Excerpted records:
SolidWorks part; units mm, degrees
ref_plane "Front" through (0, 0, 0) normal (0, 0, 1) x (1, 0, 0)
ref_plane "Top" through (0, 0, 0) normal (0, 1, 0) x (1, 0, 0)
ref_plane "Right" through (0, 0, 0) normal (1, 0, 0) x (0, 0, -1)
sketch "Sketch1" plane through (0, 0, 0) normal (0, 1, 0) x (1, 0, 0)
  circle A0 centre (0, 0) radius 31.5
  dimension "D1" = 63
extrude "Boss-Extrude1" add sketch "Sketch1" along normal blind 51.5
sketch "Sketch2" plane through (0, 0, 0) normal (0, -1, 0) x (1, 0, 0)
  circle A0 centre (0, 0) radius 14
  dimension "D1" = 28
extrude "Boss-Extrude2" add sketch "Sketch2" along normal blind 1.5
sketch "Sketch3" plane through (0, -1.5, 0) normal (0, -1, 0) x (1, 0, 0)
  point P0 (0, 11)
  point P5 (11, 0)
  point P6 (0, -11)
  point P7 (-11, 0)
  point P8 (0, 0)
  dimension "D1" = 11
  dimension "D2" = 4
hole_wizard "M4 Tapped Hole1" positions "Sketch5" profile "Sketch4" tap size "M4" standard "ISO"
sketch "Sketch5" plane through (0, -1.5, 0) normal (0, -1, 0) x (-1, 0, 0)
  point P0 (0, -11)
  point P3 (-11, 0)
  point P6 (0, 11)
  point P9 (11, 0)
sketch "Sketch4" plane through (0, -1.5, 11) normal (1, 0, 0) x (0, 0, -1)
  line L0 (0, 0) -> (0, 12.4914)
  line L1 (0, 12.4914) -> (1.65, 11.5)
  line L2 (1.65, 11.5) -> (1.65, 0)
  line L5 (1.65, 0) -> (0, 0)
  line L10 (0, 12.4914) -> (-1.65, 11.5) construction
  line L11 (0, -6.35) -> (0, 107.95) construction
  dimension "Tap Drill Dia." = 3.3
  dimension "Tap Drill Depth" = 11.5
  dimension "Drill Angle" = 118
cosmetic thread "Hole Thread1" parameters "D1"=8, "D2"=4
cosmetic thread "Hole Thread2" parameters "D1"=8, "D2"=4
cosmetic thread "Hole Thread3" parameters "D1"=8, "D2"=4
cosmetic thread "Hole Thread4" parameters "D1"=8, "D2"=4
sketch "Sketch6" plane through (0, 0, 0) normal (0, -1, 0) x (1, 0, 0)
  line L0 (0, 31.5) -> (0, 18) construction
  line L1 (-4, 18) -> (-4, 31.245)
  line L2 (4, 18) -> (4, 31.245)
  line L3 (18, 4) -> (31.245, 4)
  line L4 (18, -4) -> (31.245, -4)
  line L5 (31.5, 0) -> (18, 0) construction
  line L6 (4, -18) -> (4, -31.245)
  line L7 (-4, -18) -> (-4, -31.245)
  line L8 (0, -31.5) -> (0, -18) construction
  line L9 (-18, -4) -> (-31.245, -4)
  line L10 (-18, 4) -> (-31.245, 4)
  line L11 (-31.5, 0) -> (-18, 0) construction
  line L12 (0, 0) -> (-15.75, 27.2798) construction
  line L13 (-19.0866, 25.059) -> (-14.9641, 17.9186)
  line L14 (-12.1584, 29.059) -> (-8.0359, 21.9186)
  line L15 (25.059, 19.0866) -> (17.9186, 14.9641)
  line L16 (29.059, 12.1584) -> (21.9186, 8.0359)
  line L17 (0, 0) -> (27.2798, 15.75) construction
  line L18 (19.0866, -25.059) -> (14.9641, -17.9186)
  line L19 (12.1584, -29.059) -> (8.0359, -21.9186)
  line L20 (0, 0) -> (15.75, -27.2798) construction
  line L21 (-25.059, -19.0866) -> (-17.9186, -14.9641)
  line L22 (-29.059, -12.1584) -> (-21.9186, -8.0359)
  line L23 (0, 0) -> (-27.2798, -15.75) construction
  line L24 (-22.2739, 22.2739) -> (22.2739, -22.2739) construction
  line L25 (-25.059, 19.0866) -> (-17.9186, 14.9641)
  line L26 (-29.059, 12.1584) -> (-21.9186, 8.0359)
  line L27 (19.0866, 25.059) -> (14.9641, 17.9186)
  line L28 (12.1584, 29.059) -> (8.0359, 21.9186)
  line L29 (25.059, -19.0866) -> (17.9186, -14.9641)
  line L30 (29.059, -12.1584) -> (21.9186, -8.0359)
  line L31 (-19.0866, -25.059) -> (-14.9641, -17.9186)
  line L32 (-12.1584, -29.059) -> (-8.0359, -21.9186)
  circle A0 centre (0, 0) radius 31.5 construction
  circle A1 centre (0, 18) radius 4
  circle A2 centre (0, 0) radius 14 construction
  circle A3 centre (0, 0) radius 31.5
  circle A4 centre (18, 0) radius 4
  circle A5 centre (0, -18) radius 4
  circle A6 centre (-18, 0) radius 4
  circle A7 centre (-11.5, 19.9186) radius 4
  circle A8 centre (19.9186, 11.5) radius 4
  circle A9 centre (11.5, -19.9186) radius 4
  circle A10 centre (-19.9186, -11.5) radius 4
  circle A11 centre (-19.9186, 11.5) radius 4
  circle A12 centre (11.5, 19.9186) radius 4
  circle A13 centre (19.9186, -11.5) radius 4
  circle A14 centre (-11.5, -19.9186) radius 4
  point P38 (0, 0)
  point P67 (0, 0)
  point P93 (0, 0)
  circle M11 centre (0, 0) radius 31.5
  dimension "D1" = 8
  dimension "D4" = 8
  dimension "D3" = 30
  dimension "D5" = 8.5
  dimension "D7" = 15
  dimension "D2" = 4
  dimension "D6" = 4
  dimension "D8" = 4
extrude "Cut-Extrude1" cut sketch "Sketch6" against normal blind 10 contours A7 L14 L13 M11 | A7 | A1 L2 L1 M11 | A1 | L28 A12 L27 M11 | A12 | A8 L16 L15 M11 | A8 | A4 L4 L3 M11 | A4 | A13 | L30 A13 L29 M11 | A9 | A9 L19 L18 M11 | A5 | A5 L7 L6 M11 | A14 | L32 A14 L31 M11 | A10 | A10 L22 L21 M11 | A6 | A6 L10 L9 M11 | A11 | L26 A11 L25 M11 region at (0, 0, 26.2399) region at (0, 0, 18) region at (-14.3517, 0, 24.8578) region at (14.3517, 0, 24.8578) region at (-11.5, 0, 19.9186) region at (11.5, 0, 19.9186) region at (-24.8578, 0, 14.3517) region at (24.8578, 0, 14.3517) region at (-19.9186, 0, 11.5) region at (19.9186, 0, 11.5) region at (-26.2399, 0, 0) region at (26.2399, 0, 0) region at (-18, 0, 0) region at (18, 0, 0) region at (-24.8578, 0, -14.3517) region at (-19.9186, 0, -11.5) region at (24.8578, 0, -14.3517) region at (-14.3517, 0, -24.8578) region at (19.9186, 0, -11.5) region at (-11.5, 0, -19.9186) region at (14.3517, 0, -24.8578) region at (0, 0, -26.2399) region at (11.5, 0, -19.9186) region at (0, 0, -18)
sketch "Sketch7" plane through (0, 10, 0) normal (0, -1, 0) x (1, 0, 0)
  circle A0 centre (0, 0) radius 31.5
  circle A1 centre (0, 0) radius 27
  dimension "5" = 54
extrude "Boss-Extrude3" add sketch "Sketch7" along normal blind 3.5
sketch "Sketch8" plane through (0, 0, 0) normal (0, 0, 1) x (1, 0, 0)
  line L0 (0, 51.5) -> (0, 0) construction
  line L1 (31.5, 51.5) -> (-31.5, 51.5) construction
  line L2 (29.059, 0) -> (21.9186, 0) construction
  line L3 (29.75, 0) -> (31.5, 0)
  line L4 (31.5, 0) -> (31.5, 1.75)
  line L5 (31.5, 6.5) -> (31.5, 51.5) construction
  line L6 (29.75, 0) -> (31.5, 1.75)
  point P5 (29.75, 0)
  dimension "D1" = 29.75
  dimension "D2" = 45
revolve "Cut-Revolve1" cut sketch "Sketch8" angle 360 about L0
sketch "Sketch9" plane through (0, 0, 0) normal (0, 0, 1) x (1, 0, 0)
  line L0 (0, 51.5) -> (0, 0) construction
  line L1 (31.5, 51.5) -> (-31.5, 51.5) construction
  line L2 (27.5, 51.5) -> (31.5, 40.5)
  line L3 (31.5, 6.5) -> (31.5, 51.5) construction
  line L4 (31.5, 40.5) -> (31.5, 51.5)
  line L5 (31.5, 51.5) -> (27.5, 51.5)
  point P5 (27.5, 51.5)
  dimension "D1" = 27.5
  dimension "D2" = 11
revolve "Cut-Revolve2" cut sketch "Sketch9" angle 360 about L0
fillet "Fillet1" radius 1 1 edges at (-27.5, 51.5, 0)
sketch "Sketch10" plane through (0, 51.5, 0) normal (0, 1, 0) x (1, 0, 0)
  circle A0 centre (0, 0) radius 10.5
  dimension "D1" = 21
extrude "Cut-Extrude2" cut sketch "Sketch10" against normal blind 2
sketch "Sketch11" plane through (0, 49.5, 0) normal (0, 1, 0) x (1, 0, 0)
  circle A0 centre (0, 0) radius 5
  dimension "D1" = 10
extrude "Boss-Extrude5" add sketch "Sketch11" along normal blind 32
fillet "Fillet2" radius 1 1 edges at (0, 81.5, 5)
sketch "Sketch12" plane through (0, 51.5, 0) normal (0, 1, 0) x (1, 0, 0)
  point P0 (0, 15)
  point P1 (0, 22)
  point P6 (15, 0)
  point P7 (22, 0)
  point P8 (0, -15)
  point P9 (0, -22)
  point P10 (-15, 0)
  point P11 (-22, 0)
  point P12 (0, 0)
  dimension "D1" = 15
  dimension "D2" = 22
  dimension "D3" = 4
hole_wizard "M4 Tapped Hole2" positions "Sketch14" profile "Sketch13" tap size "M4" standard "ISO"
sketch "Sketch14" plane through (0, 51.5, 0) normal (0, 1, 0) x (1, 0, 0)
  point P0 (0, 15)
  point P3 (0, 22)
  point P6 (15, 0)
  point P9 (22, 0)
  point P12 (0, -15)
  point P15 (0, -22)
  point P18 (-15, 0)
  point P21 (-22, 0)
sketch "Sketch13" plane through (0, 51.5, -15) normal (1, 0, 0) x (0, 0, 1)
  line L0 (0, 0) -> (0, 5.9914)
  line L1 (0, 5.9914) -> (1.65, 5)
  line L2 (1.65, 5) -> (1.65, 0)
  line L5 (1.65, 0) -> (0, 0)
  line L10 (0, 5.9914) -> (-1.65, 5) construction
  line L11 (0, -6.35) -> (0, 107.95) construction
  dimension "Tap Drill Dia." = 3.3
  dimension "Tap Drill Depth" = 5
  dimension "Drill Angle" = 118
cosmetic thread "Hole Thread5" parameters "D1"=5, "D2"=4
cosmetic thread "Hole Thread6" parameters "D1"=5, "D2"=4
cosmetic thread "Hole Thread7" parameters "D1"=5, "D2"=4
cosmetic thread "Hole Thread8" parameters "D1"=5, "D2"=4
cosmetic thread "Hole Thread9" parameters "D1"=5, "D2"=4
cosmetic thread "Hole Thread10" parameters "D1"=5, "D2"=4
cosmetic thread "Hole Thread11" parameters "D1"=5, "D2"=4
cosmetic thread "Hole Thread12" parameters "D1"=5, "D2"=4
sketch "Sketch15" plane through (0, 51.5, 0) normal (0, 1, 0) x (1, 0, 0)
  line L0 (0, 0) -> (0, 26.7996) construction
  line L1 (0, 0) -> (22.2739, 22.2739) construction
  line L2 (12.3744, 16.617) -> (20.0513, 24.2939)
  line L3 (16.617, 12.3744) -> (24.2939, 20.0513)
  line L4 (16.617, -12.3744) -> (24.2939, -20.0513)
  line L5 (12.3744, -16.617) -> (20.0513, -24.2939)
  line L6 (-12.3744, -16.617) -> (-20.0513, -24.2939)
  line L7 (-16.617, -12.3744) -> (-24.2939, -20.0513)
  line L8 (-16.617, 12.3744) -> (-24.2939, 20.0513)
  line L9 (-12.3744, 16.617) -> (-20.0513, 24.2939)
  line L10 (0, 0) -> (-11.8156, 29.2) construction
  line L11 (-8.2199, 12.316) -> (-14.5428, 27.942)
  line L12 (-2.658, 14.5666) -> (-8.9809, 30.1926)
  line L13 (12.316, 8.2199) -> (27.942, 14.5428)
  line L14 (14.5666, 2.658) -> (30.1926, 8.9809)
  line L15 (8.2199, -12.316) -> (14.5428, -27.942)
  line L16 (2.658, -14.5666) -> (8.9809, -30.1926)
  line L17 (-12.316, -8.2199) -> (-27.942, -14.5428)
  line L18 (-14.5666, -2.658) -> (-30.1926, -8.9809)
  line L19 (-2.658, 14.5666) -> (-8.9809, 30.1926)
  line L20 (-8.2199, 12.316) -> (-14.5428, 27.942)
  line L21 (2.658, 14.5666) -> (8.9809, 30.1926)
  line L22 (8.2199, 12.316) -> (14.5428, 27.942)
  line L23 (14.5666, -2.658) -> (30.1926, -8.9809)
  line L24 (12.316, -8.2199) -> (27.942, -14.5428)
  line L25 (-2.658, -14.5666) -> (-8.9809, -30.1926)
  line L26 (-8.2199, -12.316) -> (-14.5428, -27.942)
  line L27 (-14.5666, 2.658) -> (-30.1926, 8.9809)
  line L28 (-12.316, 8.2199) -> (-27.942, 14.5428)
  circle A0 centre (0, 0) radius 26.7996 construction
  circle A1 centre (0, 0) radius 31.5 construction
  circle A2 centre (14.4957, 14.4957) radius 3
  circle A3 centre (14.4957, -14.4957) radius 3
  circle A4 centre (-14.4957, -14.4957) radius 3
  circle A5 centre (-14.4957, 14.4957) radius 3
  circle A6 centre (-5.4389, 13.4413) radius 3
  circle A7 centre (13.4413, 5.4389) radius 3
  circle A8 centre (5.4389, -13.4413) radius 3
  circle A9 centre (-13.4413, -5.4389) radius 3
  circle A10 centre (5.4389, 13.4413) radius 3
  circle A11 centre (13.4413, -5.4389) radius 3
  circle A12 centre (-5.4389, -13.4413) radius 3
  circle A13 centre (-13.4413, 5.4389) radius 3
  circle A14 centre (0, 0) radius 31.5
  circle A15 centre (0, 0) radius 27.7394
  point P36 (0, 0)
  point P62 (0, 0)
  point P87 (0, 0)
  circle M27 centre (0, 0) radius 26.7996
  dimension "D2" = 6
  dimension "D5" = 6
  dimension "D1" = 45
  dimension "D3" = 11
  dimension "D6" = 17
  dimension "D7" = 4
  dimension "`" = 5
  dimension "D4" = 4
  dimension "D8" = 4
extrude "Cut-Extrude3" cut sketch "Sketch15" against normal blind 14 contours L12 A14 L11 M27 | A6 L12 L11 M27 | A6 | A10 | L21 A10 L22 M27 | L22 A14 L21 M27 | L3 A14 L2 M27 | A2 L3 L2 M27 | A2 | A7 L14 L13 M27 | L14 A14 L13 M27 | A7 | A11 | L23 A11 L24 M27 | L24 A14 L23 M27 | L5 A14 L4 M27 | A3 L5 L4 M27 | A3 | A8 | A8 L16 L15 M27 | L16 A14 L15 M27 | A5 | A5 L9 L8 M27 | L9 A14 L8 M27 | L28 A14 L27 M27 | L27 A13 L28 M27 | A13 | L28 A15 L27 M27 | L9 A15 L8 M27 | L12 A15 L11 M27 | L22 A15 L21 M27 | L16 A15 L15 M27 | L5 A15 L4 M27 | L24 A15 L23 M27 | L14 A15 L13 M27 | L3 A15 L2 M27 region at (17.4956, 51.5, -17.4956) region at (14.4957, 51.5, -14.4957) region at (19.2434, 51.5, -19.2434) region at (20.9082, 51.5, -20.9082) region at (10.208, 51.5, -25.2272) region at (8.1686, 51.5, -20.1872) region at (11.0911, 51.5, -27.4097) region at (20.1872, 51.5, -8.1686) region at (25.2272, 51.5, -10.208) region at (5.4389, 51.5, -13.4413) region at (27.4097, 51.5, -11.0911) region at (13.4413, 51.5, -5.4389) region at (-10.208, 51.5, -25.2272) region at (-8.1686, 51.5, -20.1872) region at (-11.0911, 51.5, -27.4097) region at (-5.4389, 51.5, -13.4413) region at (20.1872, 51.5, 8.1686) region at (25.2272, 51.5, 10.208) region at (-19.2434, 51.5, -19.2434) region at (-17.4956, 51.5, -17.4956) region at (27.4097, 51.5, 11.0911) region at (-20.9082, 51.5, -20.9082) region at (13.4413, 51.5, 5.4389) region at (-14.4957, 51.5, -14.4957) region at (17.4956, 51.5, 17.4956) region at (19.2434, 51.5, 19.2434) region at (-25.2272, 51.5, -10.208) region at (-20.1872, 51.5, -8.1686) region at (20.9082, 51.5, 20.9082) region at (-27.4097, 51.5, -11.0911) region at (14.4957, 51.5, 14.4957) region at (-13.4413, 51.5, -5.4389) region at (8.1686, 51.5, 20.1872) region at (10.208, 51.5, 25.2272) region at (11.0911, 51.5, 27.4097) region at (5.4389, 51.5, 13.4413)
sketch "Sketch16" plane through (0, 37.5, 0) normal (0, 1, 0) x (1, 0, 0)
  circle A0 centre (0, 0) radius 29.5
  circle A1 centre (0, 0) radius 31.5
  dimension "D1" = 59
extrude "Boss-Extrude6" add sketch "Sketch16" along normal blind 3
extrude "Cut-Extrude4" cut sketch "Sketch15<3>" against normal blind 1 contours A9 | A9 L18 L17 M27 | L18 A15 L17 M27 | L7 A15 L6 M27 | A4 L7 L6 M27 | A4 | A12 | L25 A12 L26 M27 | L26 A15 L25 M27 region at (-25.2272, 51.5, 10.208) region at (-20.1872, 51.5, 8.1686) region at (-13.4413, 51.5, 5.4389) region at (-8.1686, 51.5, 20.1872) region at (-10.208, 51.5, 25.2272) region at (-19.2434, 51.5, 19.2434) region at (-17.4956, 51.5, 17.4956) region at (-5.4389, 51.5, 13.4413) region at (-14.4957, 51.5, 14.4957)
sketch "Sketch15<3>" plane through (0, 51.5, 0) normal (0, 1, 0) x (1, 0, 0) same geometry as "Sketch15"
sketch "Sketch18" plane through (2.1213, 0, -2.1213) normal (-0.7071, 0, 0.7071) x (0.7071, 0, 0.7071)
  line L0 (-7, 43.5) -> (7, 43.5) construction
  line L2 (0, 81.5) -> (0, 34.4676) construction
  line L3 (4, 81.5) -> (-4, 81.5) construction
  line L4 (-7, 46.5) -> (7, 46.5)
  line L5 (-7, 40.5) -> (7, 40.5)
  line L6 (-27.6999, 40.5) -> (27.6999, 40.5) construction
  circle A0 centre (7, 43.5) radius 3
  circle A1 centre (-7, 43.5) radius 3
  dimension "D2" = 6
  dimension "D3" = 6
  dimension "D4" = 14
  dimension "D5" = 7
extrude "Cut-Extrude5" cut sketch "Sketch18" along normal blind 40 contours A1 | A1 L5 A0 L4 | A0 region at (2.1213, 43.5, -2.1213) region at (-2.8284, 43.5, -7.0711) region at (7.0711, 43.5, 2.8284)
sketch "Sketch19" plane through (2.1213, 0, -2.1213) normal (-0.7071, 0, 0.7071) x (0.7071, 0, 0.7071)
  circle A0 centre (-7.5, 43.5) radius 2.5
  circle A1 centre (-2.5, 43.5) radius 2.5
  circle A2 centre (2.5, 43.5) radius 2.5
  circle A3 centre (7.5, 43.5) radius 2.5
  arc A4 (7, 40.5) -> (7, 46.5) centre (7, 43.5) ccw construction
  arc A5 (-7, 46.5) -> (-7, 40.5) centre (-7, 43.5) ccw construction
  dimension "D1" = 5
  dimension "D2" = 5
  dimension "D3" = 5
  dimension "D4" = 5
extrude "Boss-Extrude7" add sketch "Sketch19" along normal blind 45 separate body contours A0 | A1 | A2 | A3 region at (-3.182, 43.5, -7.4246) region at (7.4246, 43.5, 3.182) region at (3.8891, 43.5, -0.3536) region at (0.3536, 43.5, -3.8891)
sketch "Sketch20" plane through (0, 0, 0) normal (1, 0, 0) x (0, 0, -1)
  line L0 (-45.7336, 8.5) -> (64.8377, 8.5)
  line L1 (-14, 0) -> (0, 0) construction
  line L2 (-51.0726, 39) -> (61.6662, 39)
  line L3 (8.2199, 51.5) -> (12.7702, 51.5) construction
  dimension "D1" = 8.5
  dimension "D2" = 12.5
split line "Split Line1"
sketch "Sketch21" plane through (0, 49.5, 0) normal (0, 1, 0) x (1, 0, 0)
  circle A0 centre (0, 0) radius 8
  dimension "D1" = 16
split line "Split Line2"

What is being asked: Could you set down, exactly as written, the lines above between the one holding "line L4 (16.617, -12.3744)" and the one holding "line L9 (-12.3744, 16.617)", inclusive, and nothing more?

The completed task:
  line L4 (16.617, -12.3744) -> (24.2939, -20.0513)
  line L5 (12.3744, -16.617) -> (20.0513, -24.2939)
  line L6 (-12.3744, -16.617) -> (-20.0513, -24.2939)
  line L7 (-16.617, -12.3744) -> (-24.2939, -20.0513)
  line L8 (-16.617, 12.3744) -> (-24.2939, 20.0513)
  line L9 (-12.3744, 16.617) -> (-20.0513, 24.2939)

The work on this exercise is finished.